(TASK PROMPT)
Write out the data that follows exactly, keeping every picture out.

-------- AVAILABLE DATA

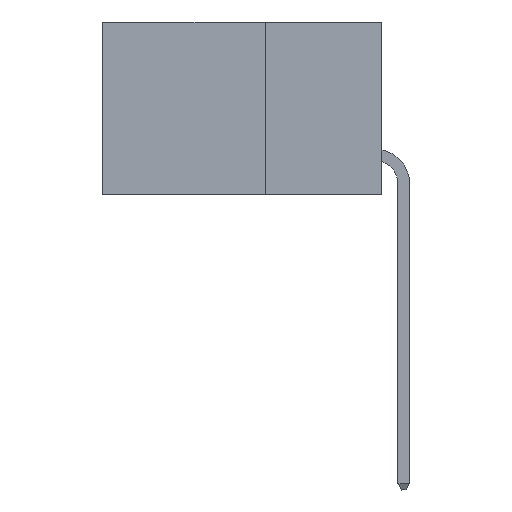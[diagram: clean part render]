
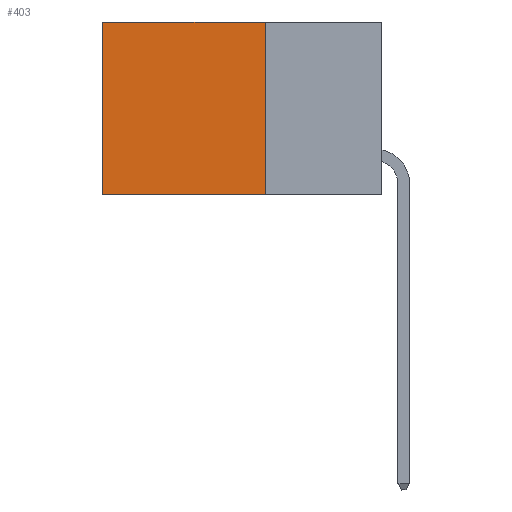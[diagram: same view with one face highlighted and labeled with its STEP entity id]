
A CAD part, left-side view. The second image highlights one B-rep face of the part: STEP entity #403.
In plain terms, the highlighted planar face has unit normal (-1, 0, 0).
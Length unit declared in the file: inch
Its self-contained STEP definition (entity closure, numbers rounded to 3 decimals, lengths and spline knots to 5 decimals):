
#159 = VERTEX_POINT ( 'NONE', #13754 ) ;
#403 = ADVANCED_FACE ( 'NONE', ( #7611 ), #3947, .F. ) ;
#595 = DIRECTION ( 'NONE',  ( 0., 0., -1. ) ) ;
#725 = DIRECTION ( 'NONE',  ( 1., 0., 0. ) ) ;
#1408 = VERTEX_POINT ( 'NONE', #18334 ) ;
#2193 = DIRECTION ( 'NONE',  ( 0., 0., -1. ) ) ;
#3204 = AXIS2_PLACEMENT_3D ( 'NONE', #6863, #725, #595 ) ;
#3571 = VECTOR ( 'NONE', #10130, 39.37008 ) ;
#3947 = PLANE ( 'NONE',  #3204 ) ;
#4691 = ORIENTED_EDGE ( 'NONE', *, *, #5246, .T. ) ;
#4752 = ORIENTED_EDGE ( 'NONE', *, *, #5936, .F. ) ;
#5246 = EDGE_CURVE ( 'NONE', #159, #1408, #19019, .T. ) ;
#5570 = LINE ( 'NONE', #14138, #19491 ) ;
#5896 = EDGE_LOOP ( 'NONE', ( #15686, #10786, #4752, #4691 ) ) ;
#5936 = EDGE_CURVE ( 'NONE', #159, #8295, #5570, .T. ) ;
#6798 = EDGE_CURVE ( 'NONE', #8295, #16236, #13762, .T. ) ;
#6863 = CARTESIAN_POINT ( 'NONE',  ( 0.2875, 0.25, 0. ) ) ;
#6903 = VECTOR ( 'NONE', #2193, 39.37008 ) ;
#7611 = FACE_OUTER_BOUND ( 'NONE', #5896, .T. ) ;
#8295 = VERTEX_POINT ( 'NONE', #10831 ) ;
#9796 = EDGE_CURVE ( 'NONE', #1408, #16236, #14875, .T. ) ;
#10130 = DIRECTION ( 'NONE',  ( 0., 1., 0. ) ) ;
#10323 = CARTESIAN_POINT ( 'NONE',  ( 0.2875, 0.25, -0.37 ) ) ;
#10786 = ORIENTED_EDGE ( 'NONE', *, *, #6798, .F. ) ;
#10831 = CARTESIAN_POINT ( 'NONE',  ( 0.2875, 0.25, -0.37 ) ) ;
#13754 = CARTESIAN_POINT ( 'NONE',  ( 0.2875, 0.25, 0. ) ) ;
#13762 = LINE ( 'NONE', #10323, #3571 ) ;
#14138 = CARTESIAN_POINT ( 'NONE',  ( 0.2875, 0.25, 0. ) ) ;
#14875 = LINE ( 'NONE', #16547, #6903 ) ;
#15065 = VECTOR ( 'NONE', #20376, 39.37008 ) ;
#15271 = CARTESIAN_POINT ( 'NONE',  ( 0.2875, 0.25, 0. ) ) ;
#15510 = DIRECTION ( 'NONE',  ( 0., 0., -1. ) ) ;
#15654 = CARTESIAN_POINT ( 'NONE',  ( 0.2875, 0.6, -0.37 ) ) ;
#15686 = ORIENTED_EDGE ( 'NONE', *, *, #9796, .T. ) ;
#16236 = VERTEX_POINT ( 'NONE', #15654 ) ;
#16547 = CARTESIAN_POINT ( 'NONE',  ( 0.2875, 0.6, 0. ) ) ;
#18334 = CARTESIAN_POINT ( 'NONE',  ( 0.2875, 0.6, 0. ) ) ;
#19019 = LINE ( 'NONE', #15271, #15065 ) ;
#19491 = VECTOR ( 'NONE', #15510, 39.37008 ) ;
#20376 = DIRECTION ( 'NONE',  ( 0., 1., 0. ) ) ;

----------------

(YOUR RESPONSE)
[diagram: clean part render]
[diagram: same view with one face highlighted and labeled with its STEP entity id]
A CAD part, left-side view. The second image highlights one B-rep face of the part: STEP entity #403.
In plain terms, the highlighted planar face has unit normal (-1, 0, 0).
Length unit declared in the file: inch
Its self-contained STEP definition (entity closure, numbers rounded to 3 decimals, lengths and spline knots to 5 decimals):
#159 = VERTEX_POINT ( 'NONE', #13754 ) ;
#403 = ADVANCED_FACE ( 'NONE', ( #7611 ), #3947, .F. ) ;
#595 = DIRECTION ( 'NONE',  ( 0., 0., -1. ) ) ;
#725 = DIRECTION ( 'NONE',  ( 1., 0., 0. ) ) ;
#1408 = VERTEX_POINT ( 'NONE', #18334 ) ;
#2193 = DIRECTION ( 'NONE',  ( 0., 0., -1. ) ) ;
#3204 = AXIS2_PLACEMENT_3D ( 'NONE', #6863, #725, #595 ) ;
#3571 = VECTOR ( 'NONE', #10130, 39.37008 ) ;
#3947 = PLANE ( 'NONE',  #3204 ) ;
#4691 = ORIENTED_EDGE ( 'NONE', *, *, #5246, .T. ) ;
#4752 = ORIENTED_EDGE ( 'NONE', *, *, #5936, .F. ) ;
#5246 = EDGE_CURVE ( 'NONE', #159, #1408, #19019, .T. ) ;
#5570 = LINE ( 'NONE', #14138, #19491 ) ;
#5896 = EDGE_LOOP ( 'NONE', ( #15686, #10786, #4752, #4691 ) ) ;
#5936 = EDGE_CURVE ( 'NONE', #159, #8295, #5570, .T. ) ;
#6798 = EDGE_CURVE ( 'NONE', #8295, #16236, #13762, .T. ) ;
#6863 = CARTESIAN_POINT ( 'NONE',  ( 0.2875, 0.25, 0. ) ) ;
#6903 = VECTOR ( 'NONE', #2193, 39.37008 ) ;
#7611 = FACE_OUTER_BOUND ( 'NONE', #5896, .T. ) ;
#8295 = VERTEX_POINT ( 'NONE', #10831 ) ;
#9796 = EDGE_CURVE ( 'NONE', #1408, #16236, #14875, .T. ) ;
#10130 = DIRECTION ( 'NONE',  ( 0., 1., 0. ) ) ;
#10323 = CARTESIAN_POINT ( 'NONE',  ( 0.2875, 0.25, -0.37 ) ) ;
#10786 = ORIENTED_EDGE ( 'NONE', *, *, #6798, .F. ) ;
#10831 = CARTESIAN_POINT ( 'NONE',  ( 0.2875, 0.25, -0.37 ) ) ;
#13754 = CARTESIAN_POINT ( 'NONE',  ( 0.2875, 0.25, 0. ) ) ;
#13762 = LINE ( 'NONE', #10323, #3571 ) ;
#14138 = CARTESIAN_POINT ( 'NONE',  ( 0.2875, 0.25, 0. ) ) ;
#14875 = LINE ( 'NONE', #16547, #6903 ) ;
#15065 = VECTOR ( 'NONE', #20376, 39.37008 ) ;
#15271 = CARTESIAN_POINT ( 'NONE',  ( 0.2875, 0.25, 0. ) ) ;
#15510 = DIRECTION ( 'NONE',  ( 0., 0., -1. ) ) ;
#15654 = CARTESIAN_POINT ( 'NONE',  ( 0.2875, 0.6, -0.37 ) ) ;
#15686 = ORIENTED_EDGE ( 'NONE', *, *, #9796, .T. ) ;
#16236 = VERTEX_POINT ( 'NONE', #15654 ) ;
#16547 = CARTESIAN_POINT ( 'NONE',  ( 0.2875, 0.6, 0. ) ) ;
#18334 = CARTESIAN_POINT ( 'NONE',  ( 0.2875, 0.6, 0. ) ) ;
#19019 = LINE ( 'NONE', #15271, #15065 ) ;
#19491 = VECTOR ( 'NONE', #15510, 39.37008 ) ;
#20376 = DIRECTION ( 'NONE',  ( 0., 1., 0. ) ) ;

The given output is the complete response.